TRY IT
As the answer, give a copy of each line below that includes the word "degrees".

Start of Block

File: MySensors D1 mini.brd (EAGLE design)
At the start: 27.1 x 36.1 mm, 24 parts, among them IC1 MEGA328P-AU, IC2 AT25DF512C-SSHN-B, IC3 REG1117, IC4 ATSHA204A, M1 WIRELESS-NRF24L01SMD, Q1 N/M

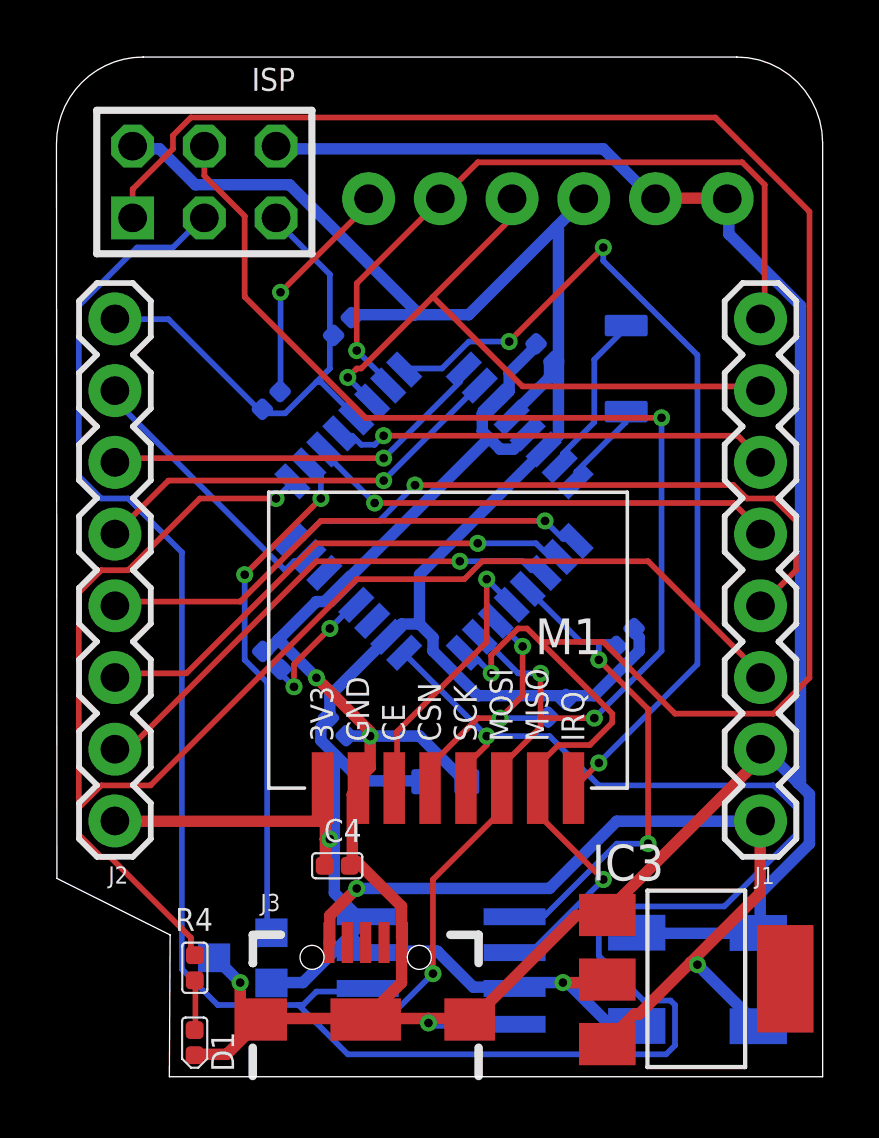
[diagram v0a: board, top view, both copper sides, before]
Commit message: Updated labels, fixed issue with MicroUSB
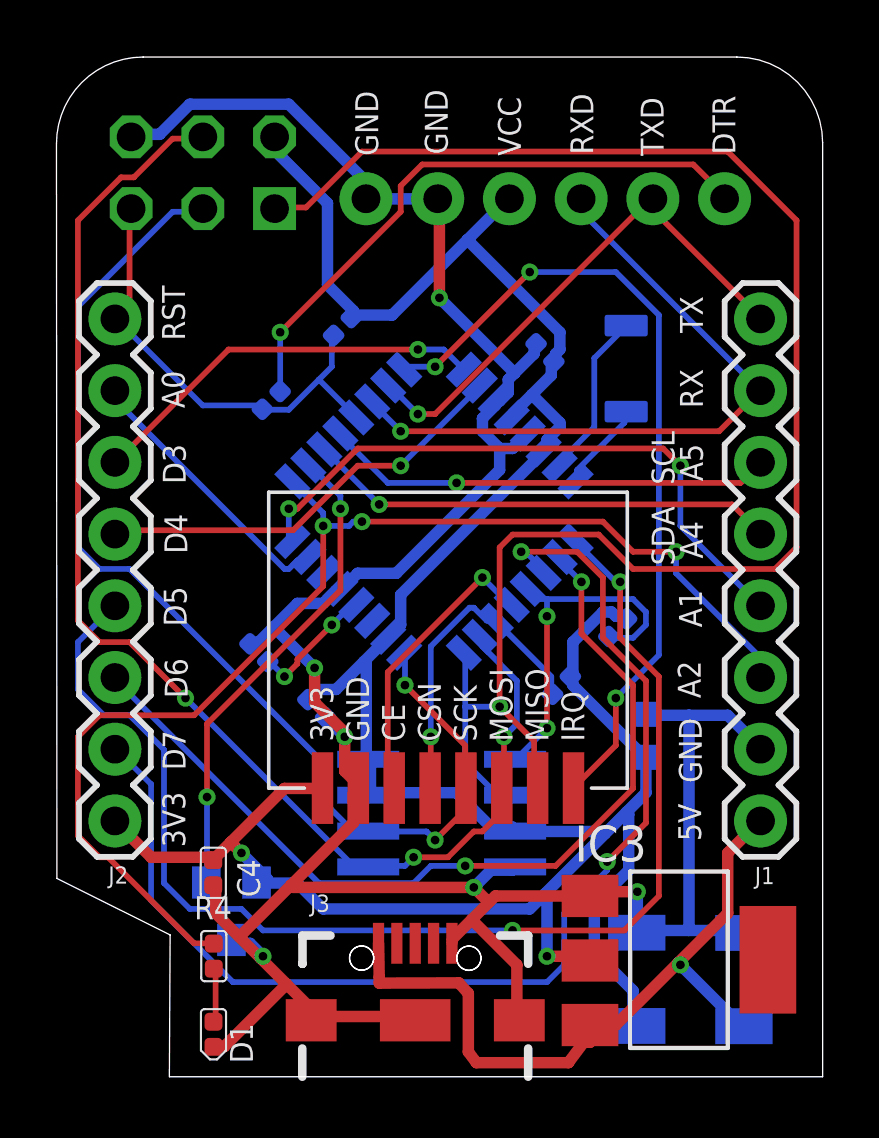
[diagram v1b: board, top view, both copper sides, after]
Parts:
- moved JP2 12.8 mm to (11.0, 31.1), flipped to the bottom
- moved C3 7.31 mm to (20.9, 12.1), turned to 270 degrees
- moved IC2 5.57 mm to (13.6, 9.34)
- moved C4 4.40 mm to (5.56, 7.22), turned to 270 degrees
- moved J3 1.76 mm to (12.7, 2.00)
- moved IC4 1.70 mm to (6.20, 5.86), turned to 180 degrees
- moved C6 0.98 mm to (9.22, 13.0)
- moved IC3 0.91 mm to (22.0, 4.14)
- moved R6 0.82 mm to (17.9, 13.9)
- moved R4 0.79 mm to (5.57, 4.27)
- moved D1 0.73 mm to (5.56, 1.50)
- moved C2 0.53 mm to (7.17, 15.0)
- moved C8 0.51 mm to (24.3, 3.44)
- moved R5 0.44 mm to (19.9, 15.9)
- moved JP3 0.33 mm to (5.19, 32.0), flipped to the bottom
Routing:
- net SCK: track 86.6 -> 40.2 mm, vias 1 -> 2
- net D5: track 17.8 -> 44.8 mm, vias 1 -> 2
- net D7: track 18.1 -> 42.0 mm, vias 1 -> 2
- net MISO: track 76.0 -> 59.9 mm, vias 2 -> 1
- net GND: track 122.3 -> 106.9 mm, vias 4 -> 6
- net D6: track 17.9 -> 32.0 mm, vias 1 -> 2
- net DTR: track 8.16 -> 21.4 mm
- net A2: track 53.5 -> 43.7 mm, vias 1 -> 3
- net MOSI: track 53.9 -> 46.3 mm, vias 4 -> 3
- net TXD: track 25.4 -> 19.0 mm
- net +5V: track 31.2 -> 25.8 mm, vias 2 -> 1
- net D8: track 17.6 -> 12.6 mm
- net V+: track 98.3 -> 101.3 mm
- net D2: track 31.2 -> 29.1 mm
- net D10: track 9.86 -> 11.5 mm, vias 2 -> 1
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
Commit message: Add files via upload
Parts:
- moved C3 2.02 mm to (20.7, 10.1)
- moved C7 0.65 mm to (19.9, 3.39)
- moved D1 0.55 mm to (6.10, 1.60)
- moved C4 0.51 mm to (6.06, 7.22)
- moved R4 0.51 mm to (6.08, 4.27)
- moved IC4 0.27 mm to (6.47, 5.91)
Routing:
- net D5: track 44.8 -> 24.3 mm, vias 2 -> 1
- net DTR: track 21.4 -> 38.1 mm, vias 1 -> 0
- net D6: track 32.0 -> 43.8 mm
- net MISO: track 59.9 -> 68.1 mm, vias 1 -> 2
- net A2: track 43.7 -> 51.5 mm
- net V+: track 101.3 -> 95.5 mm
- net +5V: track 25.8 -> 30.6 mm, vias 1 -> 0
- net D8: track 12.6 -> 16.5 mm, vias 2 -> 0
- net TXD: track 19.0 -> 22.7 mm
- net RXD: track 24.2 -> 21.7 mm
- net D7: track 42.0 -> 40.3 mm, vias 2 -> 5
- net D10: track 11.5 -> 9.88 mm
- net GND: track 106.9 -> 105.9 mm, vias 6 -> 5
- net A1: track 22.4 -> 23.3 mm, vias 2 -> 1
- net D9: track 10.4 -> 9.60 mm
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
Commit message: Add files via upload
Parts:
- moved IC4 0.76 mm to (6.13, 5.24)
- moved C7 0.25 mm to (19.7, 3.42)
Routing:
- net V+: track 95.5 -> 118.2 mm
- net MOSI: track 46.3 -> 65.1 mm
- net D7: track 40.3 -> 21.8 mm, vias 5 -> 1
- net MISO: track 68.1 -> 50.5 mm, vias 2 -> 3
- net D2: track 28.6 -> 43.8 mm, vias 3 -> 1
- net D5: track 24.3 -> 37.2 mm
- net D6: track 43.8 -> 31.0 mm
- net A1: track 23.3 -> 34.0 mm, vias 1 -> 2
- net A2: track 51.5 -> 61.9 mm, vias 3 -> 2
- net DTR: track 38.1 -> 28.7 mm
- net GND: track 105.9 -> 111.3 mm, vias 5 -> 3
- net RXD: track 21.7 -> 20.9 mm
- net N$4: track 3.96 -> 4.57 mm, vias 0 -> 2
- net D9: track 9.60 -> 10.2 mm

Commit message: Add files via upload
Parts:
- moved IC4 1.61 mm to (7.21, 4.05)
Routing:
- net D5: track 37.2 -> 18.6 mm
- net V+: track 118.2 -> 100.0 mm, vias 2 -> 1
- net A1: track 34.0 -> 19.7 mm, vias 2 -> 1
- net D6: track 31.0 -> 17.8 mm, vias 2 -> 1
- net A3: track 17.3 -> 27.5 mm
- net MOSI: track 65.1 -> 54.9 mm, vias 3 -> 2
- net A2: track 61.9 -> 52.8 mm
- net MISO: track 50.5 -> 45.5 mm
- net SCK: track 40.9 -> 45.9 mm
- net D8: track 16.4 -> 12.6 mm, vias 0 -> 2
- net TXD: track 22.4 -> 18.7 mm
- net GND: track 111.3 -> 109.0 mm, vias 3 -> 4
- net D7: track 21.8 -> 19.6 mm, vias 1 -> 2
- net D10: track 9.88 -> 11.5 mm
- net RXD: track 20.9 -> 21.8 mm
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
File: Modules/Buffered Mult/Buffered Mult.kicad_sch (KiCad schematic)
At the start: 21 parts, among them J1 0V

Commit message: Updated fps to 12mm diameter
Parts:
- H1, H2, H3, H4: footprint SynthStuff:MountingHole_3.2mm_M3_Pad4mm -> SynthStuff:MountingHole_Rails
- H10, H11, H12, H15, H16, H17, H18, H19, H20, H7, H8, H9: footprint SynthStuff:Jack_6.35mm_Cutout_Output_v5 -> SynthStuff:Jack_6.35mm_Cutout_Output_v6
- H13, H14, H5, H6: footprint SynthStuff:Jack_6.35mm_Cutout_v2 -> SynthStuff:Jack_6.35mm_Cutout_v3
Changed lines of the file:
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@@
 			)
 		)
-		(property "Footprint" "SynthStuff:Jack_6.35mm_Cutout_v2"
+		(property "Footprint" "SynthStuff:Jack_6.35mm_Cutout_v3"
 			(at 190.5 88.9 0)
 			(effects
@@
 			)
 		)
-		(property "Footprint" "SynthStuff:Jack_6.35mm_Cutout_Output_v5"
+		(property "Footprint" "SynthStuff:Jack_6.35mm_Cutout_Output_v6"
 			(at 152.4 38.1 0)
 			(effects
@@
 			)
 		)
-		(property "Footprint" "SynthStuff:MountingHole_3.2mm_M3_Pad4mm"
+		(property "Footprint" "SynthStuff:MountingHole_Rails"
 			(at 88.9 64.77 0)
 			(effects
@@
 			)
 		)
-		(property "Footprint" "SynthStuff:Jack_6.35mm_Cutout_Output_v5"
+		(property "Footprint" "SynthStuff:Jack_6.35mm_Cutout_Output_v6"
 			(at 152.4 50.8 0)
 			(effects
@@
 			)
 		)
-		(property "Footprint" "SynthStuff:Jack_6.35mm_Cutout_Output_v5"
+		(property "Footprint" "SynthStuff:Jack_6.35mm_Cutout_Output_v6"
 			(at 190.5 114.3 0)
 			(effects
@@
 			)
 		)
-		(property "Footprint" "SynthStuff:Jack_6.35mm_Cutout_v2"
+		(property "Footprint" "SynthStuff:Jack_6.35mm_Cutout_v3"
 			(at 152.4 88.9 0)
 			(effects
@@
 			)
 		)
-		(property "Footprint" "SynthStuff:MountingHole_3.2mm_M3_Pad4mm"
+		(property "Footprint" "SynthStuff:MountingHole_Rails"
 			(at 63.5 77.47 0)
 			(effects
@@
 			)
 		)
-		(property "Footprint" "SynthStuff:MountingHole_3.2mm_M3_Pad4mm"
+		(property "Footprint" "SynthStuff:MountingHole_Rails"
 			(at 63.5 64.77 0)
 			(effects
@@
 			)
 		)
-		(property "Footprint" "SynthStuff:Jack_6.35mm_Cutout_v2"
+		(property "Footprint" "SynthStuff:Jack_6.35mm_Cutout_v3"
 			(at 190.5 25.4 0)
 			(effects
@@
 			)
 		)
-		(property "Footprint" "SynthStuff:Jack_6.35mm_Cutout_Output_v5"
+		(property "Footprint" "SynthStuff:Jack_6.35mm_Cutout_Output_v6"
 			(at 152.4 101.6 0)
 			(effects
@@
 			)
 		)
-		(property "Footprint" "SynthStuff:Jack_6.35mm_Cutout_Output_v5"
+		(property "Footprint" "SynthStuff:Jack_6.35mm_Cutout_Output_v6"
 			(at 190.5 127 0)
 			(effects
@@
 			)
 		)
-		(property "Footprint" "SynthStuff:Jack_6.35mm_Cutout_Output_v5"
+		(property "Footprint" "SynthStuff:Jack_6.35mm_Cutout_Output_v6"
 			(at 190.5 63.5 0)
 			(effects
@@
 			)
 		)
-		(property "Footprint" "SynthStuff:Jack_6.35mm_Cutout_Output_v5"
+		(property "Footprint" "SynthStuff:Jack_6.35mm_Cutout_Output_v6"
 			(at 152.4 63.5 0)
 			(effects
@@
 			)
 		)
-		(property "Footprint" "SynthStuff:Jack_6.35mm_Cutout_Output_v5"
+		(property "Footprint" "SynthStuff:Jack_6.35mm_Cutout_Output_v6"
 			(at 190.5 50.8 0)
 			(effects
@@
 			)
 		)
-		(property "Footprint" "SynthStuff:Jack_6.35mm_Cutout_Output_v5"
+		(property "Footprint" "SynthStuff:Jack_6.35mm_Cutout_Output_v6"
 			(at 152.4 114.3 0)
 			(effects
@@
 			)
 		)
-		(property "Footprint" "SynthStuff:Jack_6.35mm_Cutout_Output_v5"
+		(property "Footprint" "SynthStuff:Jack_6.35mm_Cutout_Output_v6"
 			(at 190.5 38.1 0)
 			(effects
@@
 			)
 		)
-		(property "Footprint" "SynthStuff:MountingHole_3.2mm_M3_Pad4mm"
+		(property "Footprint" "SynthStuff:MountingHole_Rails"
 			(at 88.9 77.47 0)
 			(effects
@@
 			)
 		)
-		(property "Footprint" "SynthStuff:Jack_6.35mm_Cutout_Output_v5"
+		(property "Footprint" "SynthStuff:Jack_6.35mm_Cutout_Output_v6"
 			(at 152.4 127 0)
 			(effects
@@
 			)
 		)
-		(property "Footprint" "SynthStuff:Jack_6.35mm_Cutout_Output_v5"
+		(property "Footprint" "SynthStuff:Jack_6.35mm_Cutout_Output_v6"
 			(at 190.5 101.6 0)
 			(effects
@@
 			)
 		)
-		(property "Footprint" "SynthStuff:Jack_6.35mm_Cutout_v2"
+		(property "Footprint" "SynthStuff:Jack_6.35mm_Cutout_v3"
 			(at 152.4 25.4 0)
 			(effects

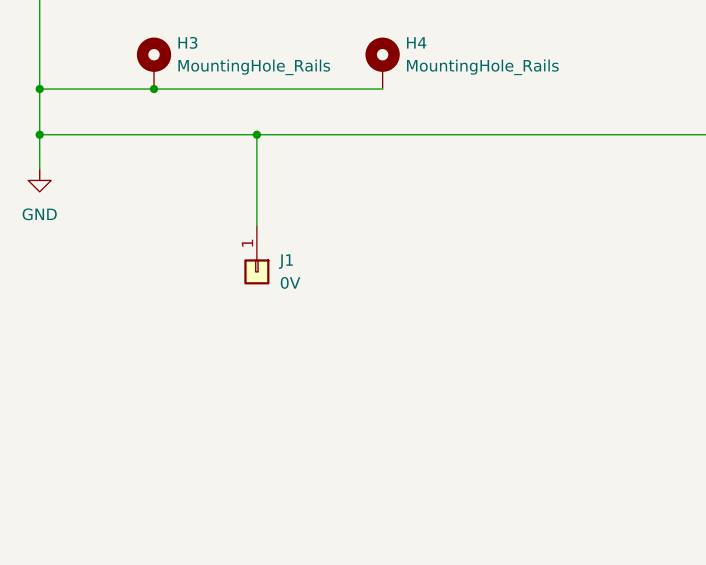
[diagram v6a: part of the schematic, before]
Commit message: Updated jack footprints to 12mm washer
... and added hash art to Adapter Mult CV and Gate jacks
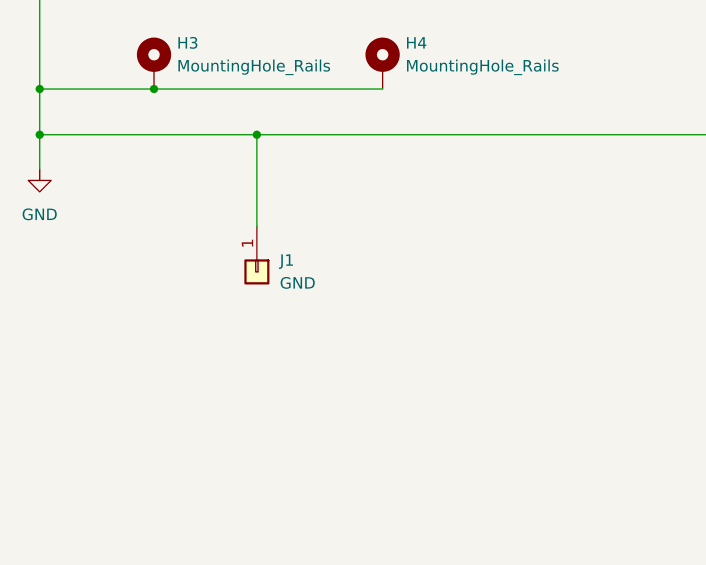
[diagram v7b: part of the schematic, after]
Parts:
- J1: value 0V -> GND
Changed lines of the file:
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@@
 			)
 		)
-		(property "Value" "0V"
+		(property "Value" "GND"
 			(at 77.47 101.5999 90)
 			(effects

End of Block

TASK RESULT
- moved C3 7.31 mm to (20.9, 12.1), turned to 270 degrees
- moved C4 4.40 mm to (5.56, 7.22), turned to 270 degrees
- moved IC4 1.70 mm to (6.20, 5.86), turned to 180 degrees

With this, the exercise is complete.